“Bio-X” Detection Devices
 

The aim of this research is to develop DNA chip and nanodevices or a lab-on-a-chip that can detect biomolecules like DNA, RNA, antigen, protein and microbial cells or “bio-Xs”. 

A DNA microchip is a format that allows parallel nucleic acid hybridization of a high-density micro-array of at least hundreds (or thousands) of oligonucleotides or clonal DNAs on a small surface area. It uses the binding property of DNA double strains or so-called hybridization. The single-stranded DNA target is labeled with a fluorescent tag and delivered to a designated area where the complementary DNA sequence or oligonucleotide is present. Following the basic hybridization and washing procedures, the signal of the probe-target interaction is measured and processed through analytical software. Such a format can provide enormously high throughput to studies in various biological systems. 

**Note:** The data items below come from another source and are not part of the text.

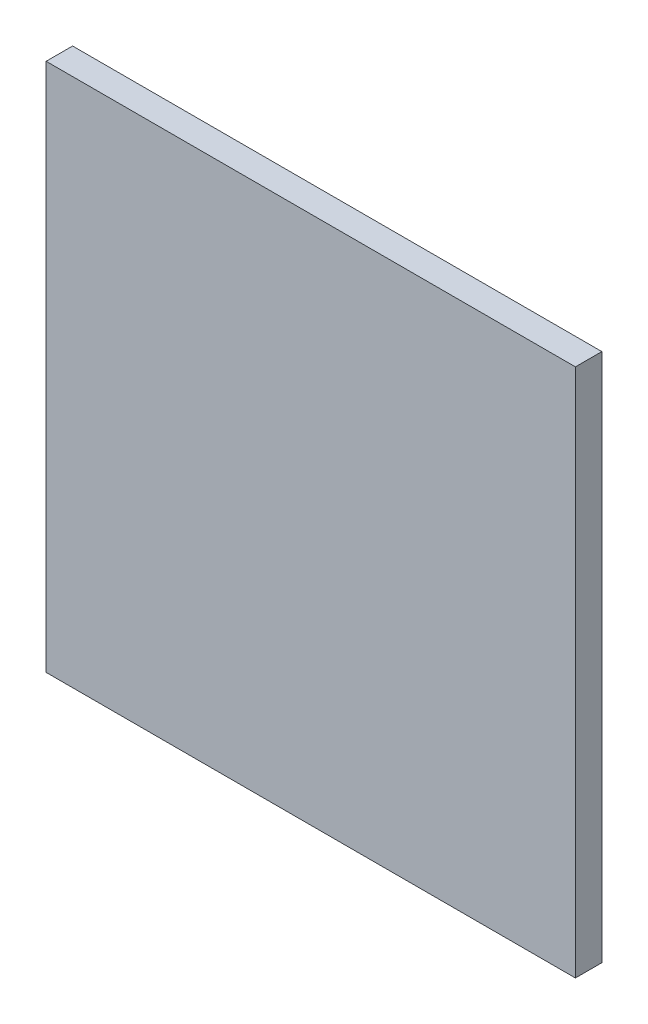
ISO-10303-21;
HEADER;
FILE_DESCRIPTION(('STEP AP214'),'2;1');
FILE_NAME('part.step','',(''),(''),'','','');
FILE_SCHEMA(('AUTOMOTIVE_DESIGN { 1 0 10303 214 1 1 1 1 }'));
ENDSEC;
DATA;
#1=APPLICATION_CONTEXT('core data for automotive mechanical design processes');
#2=APPLICATION_PROTOCOL_DEFINITION('international standard','automotive_design',2000,#1);
#3=PRODUCT_CONTEXT('',#1,'mechanical');
#4=PRODUCT('Part','Part','',(#3));
#5=PRODUCT_RELATED_PRODUCT_CATEGORY('part','',(#4));
#6=PRODUCT_DEFINITION_FORMATION('','',#4);
#7=PRODUCT_DEFINITION_CONTEXT('part definition',#1,'design');
#8=PRODUCT_DEFINITION('design','',#6,#7);
#9=PRODUCT_DEFINITION_SHAPE('','',#8);
#10=(LENGTH_UNIT() NAMED_UNIT(*) SI_UNIT(.MILLI.,.METRE.));
#11=(NAMED_UNIT(*) PLANE_ANGLE_UNIT() SI_UNIT($,.RADIAN.));
#12=(NAMED_UNIT(*) SI_UNIT($,.STERADIAN.) SOLID_ANGLE_UNIT());
#13=UNCERTAINTY_MEASURE_WITH_UNIT(LENGTH_MEASURE(1.E-05),#10,'distance_accuracy_value','');
#14=(GEOMETRIC_REPRESENTATION_CONTEXT(3) GLOBAL_UNCERTAINTY_ASSIGNED_CONTEXT((#13)) GLOBAL_UNIT_ASSIGNED_CONTEXT((#10,
#11,#12)) REPRESENTATION_CONTEXT('',''));
#15=CARTESIAN_POINT('',(0.,0.,0.));
#16=DIRECTION('',(0.,0.,1.));
#17=DIRECTION('',(1.,0.,0.));
#18=AXIS2_PLACEMENT_3D('',#15,#16,#17);
#19=CARTESIAN_POINT('',(2500.,2500.,250.));
#20=DIRECTION('',(-1.,0.,0.));
#21=DIRECTION('',(0.,-1.,0.));
#22=AXIS2_PLACEMENT_3D('',#19,#20,#21);
#23=PLANE('',#22);
#24=DIRECTION('',(0.,1.,0.));
#25=VECTOR('',#24,1.);
#26=CARTESIAN_POINT('',(2500.,2500.,0.));
#27=LINE('',#26,#25);
#28=CARTESIAN_POINT('',(2500.,-2500.,0.));
#29=VERTEX_POINT('',#28);
#30=CARTESIAN_POINT('',(2500.,2500.,0.));
#31=VERTEX_POINT('',#30);
#32=EDGE_CURVE('E96',#29,#31,#27,.T.);
#33=ORIENTED_EDGE('',*,*,#32,.T.);
#34=DIRECTION('',(0.,0.,-1.));
#35=VECTOR('',#34,1.);
#36=CARTESIAN_POINT('',(2500.,2500.,250.));
#37=LINE('',#36,#35);
#38=CARTESIAN_POINT('',(2500.,2500.,250.));
#39=VERTEX_POINT('',#38);
#40=EDGE_CURVE('E11',#39,#31,#37,.T.);
#41=ORIENTED_EDGE('',*,*,#40,.F.);
#42=DIRECTION('',(0.,1.,0.));
#43=VECTOR('',#42,1.);
#44=CARTESIAN_POINT('',(2500.,2500.,250.));
#45=LINE('',#44,#43);
#46=CARTESIAN_POINT('',(2500.,-2500.,250.));
#47=VERTEX_POINT('',#46);
#48=EDGE_CURVE('E84',#47,#39,#45,.T.);
#49=ORIENTED_EDGE('',*,*,#48,.F.);
#50=DIRECTION('',(0.,0.,-1.));
#51=VECTOR('',#50,1.);
#52=CARTESIAN_POINT('',(2500.,-2500.,250.));
#53=LINE('',#52,#51);
#54=EDGE_CURVE('E92',#47,#29,#53,.T.);
#55=ORIENTED_EDGE('',*,*,#54,.T.);
#56=EDGE_LOOP('',(#33,#41,#49,#55));
#57=FACE_BOUND('',#56,.T.);
#58=ADVANCED_FACE('F33',(#57),#23,.F.);
#59=CARTESIAN_POINT('',(-2500.,2500.,250.));
#60=DIRECTION('',(0.,-1.,0.));
#61=DIRECTION('',(0.,0.,-1.));
#62=AXIS2_PLACEMENT_3D('',#59,#60,#61);
#63=PLANE('',#62);
#64=DIRECTION('',(-1.,0.,0.));
#65=VECTOR('',#64,1.);
#66=CARTESIAN_POINT('',(-2500.,2500.,0.));
#67=LINE('',#66,#65);
#68=CARTESIAN_POINT('',(-2500.,2500.,0.));
#69=VERTEX_POINT('',#68);
#70=EDGE_CURVE('E88',#31,#69,#67,.T.);
#71=ORIENTED_EDGE('',*,*,#70,.T.);
#72=DIRECTION('',(0.,0.,-1.));
#73=VECTOR('',#72,1.);
#74=CARTESIAN_POINT('',(-2500.,2500.,250.));
#75=LINE('',#74,#73);
#76=CARTESIAN_POINT('',(-2500.,2500.,250.));
#77=VERTEX_POINT('',#76);
#78=EDGE_CURVE('E41',#77,#69,#75,.T.);
#79=ORIENTED_EDGE('',*,*,#78,.F.);
#80=DIRECTION('',(-1.,0.,0.));
#81=VECTOR('',#80,1.);
#82=CARTESIAN_POINT('',(-2500.,2500.,250.));
#83=LINE('',#82,#81);
#84=EDGE_CURVE('E79',#39,#77,#83,.T.);
#85=ORIENTED_EDGE('',*,*,#84,.F.);
#86=ORIENTED_EDGE('',*,*,#40,.T.);
#87=EDGE_LOOP('',(#71,#79,#85,#86));
#88=FACE_BOUND('',#87,.T.);
#89=ADVANCED_FACE('F87',(#88),#63,.F.);
#90=CARTESIAN_POINT('',(-2500.,2500.,250.));
#91=DIRECTION('',(1.,0.,0.));
#92=DIRECTION('',(0.,1.,0.));
#93=AXIS2_PLACEMENT_3D('',#90,#91,#92);
#94=PLANE('',#93);
#95=DIRECTION('',(0.,-1.,0.));
#96=VECTOR('',#95,1.);
#97=CARTESIAN_POINT('',(-2500.,2500.,0.));
#98=LINE('',#97,#96);
#99=CARTESIAN_POINT('',(-2500.,-2500.,0.));
#100=VERTEX_POINT('',#99);
#101=EDGE_CURVE('E66',#69,#100,#98,.T.);
#102=ORIENTED_EDGE('',*,*,#101,.T.);
#103=DIRECTION('',(0.,0.,-1.));
#104=VECTOR('',#103,1.);
#105=CARTESIAN_POINT('',(-2500.,-2500.,250.));
#106=LINE('',#105,#104);
#107=CARTESIAN_POINT('',(-2500.,-2500.,250.));
#108=VERTEX_POINT('',#107);
#109=EDGE_CURVE('E89',#108,#100,#106,.T.);
#110=ORIENTED_EDGE('',*,*,#109,.F.);
#111=DIRECTION('',(0.,-1.,0.));
#112=VECTOR('',#111,1.);
#113=CARTESIAN_POINT('',(-2500.,2500.,250.));
#114=LINE('',#113,#112);
#115=EDGE_CURVE('E82',#77,#108,#114,.T.);
#116=ORIENTED_EDGE('',*,*,#115,.F.);
#117=ORIENTED_EDGE('',*,*,#78,.T.);
#118=EDGE_LOOP('',(#102,#110,#116,#117));
#119=FACE_BOUND('',#118,.T.);
#120=ADVANCED_FACE('F90',(#119),#94,.F.);
#121=CARTESIAN_POINT('',(-2500.,-2500.,250.));
#122=DIRECTION('',(0.,1.,0.));
#123=DIRECTION('',(0.,0.,1.));
#124=AXIS2_PLACEMENT_3D('',#121,#122,#123);
#125=PLANE('',#124);
#126=DIRECTION('',(1.,0.,0.));
#127=VECTOR('',#126,1.);
#128=CARTESIAN_POINT('',(-2500.,-2500.,0.));
#129=LINE('',#128,#127);
#130=EDGE_CURVE('E72',#100,#29,#129,.T.);
#131=ORIENTED_EDGE('',*,*,#130,.T.);
#132=ORIENTED_EDGE('',*,*,#54,.F.);
#133=DIRECTION('',(1.,0.,0.));
#134=VECTOR('',#133,1.);
#135=CARTESIAN_POINT('',(-2500.,-2500.,250.));
#136=LINE('',#135,#134);
#137=EDGE_CURVE('E49',#108,#47,#136,.T.);
#138=ORIENTED_EDGE('',*,*,#137,.F.);
#139=ORIENTED_EDGE('',*,*,#109,.T.);
#140=EDGE_LOOP('',(#131,#132,#138,#139));
#141=FACE_BOUND('',#140,.T.);
#142=ADVANCED_FACE('F103',(#141),#125,.F.);
#143=CARTESIAN_POINT('',(0.,0.,250.));
#144=DIRECTION('',(0.,0.,1.));
#145=DIRECTION('',(1.,0.,0.));
#146=AXIS2_PLACEMENT_3D('',#143,#144,#145);
#147=PLANE('',#146);
#148=ORIENTED_EDGE('',*,*,#48,.T.);
#149=ORIENTED_EDGE('',*,*,#84,.T.);
#150=ORIENTED_EDGE('',*,*,#115,.T.);
#151=ORIENTED_EDGE('',*,*,#137,.T.);
#152=EDGE_LOOP('',(#148,#149,#150,#151));
#153=FACE_BOUND('',#152,.T.);
#154=ADVANCED_FACE('F80',(#153),#147,.T.);
#155=CARTESIAN_POINT('',(0.,0.,0.));
#156=DIRECTION('',(0.,0.,1.));
#157=DIRECTION('',(1.,0.,0.));
#158=AXIS2_PLACEMENT_3D('',#155,#156,#157);
#159=PLANE('',#158);
#160=ORIENTED_EDGE('',*,*,#32,.F.);
#161=ORIENTED_EDGE('',*,*,#130,.F.);
#162=ORIENTED_EDGE('',*,*,#101,.F.);
#163=ORIENTED_EDGE('',*,*,#70,.F.);
#164=EDGE_LOOP('',(#160,#161,#162,#163));
#165=FACE_BOUND('',#164,.T.);
#166=ADVANCED_FACE('F106',(#165),#159,.F.);
#167=CLOSED_SHELL('',(#58,#89,#120,#142,#154,#166));
#168=MANIFOLD_SOLID_BREP('B2',#167);
#169=ADVANCED_BREP_SHAPE_REPRESENTATION('',(#18,#168),#14);
#170=SHAPE_DEFINITION_REPRESENTATION(#9,#169);
ENDSEC;
END-ISO-10303-21;

Figure 1: A microfluidic prototype showing the delivery channel, reaction chamber and trap device. 

A Lab-on-a-chip is a more advanced device that integrates multiple processes, including sample collection and pretreatment with the DNA/RNA extraction, amplification, fragmentation, labeling, hybridization and detection, on a microfluidic platform. It employs the most recent technological developments in microfabrication, microfluidics, and biosensors/microchip. Semiconductor-like fabrication techniques are primarily used to produce micro/nano-devices consisting of interconnected fluid reservoirs and pathways. Transport of samples is automated through selected pathways by the electrokinetic forces generated at designated electrodes, or by the voltage gradient between electrodes in capillary electrophoresis. Micro-valves and pumps are used to perform manipulations such as reagent dispensing and mixing, incubation/reaction, and sample partition, whiie analyte detection is achieved through various biosensing and nanoparticle-detection systems. 

Figure 1 shows the prototypes of a microdevice that contains a microchannel, a reaction chamber and a particle trapping device. This prototype is used to study fluid movement under microchannels with and without the presence of analytes, and will be evolved later to incorporate bacterial detection systems. The DNA microchip team led by Dr WT Liu has established the capability of producing DNA chips containing oligonucleotides and cDNA fragments for various biological targets. Further progress is made in the development of software, LabArray, for real-time detection and quantification, and post-statistical analysis of chip hybridization signals. Work is in progress to develop a rapid and sensitive lab-on-a-chip for simultaneous detection of waterborne pathogens, which will be further expanded and applied into other areas, from medical diagnostics and monitoring food and biological agents, to environmental bioremediation and crime analysis. 

The principal investigators are Dr WT Liu from the Department of Civil Engineering and Prof Simon Ang from the Department of Mechanical Engineering and the collaborators are Profs F Tay, FS Chau and MA Mannan from the Department of Mechanical Engineering.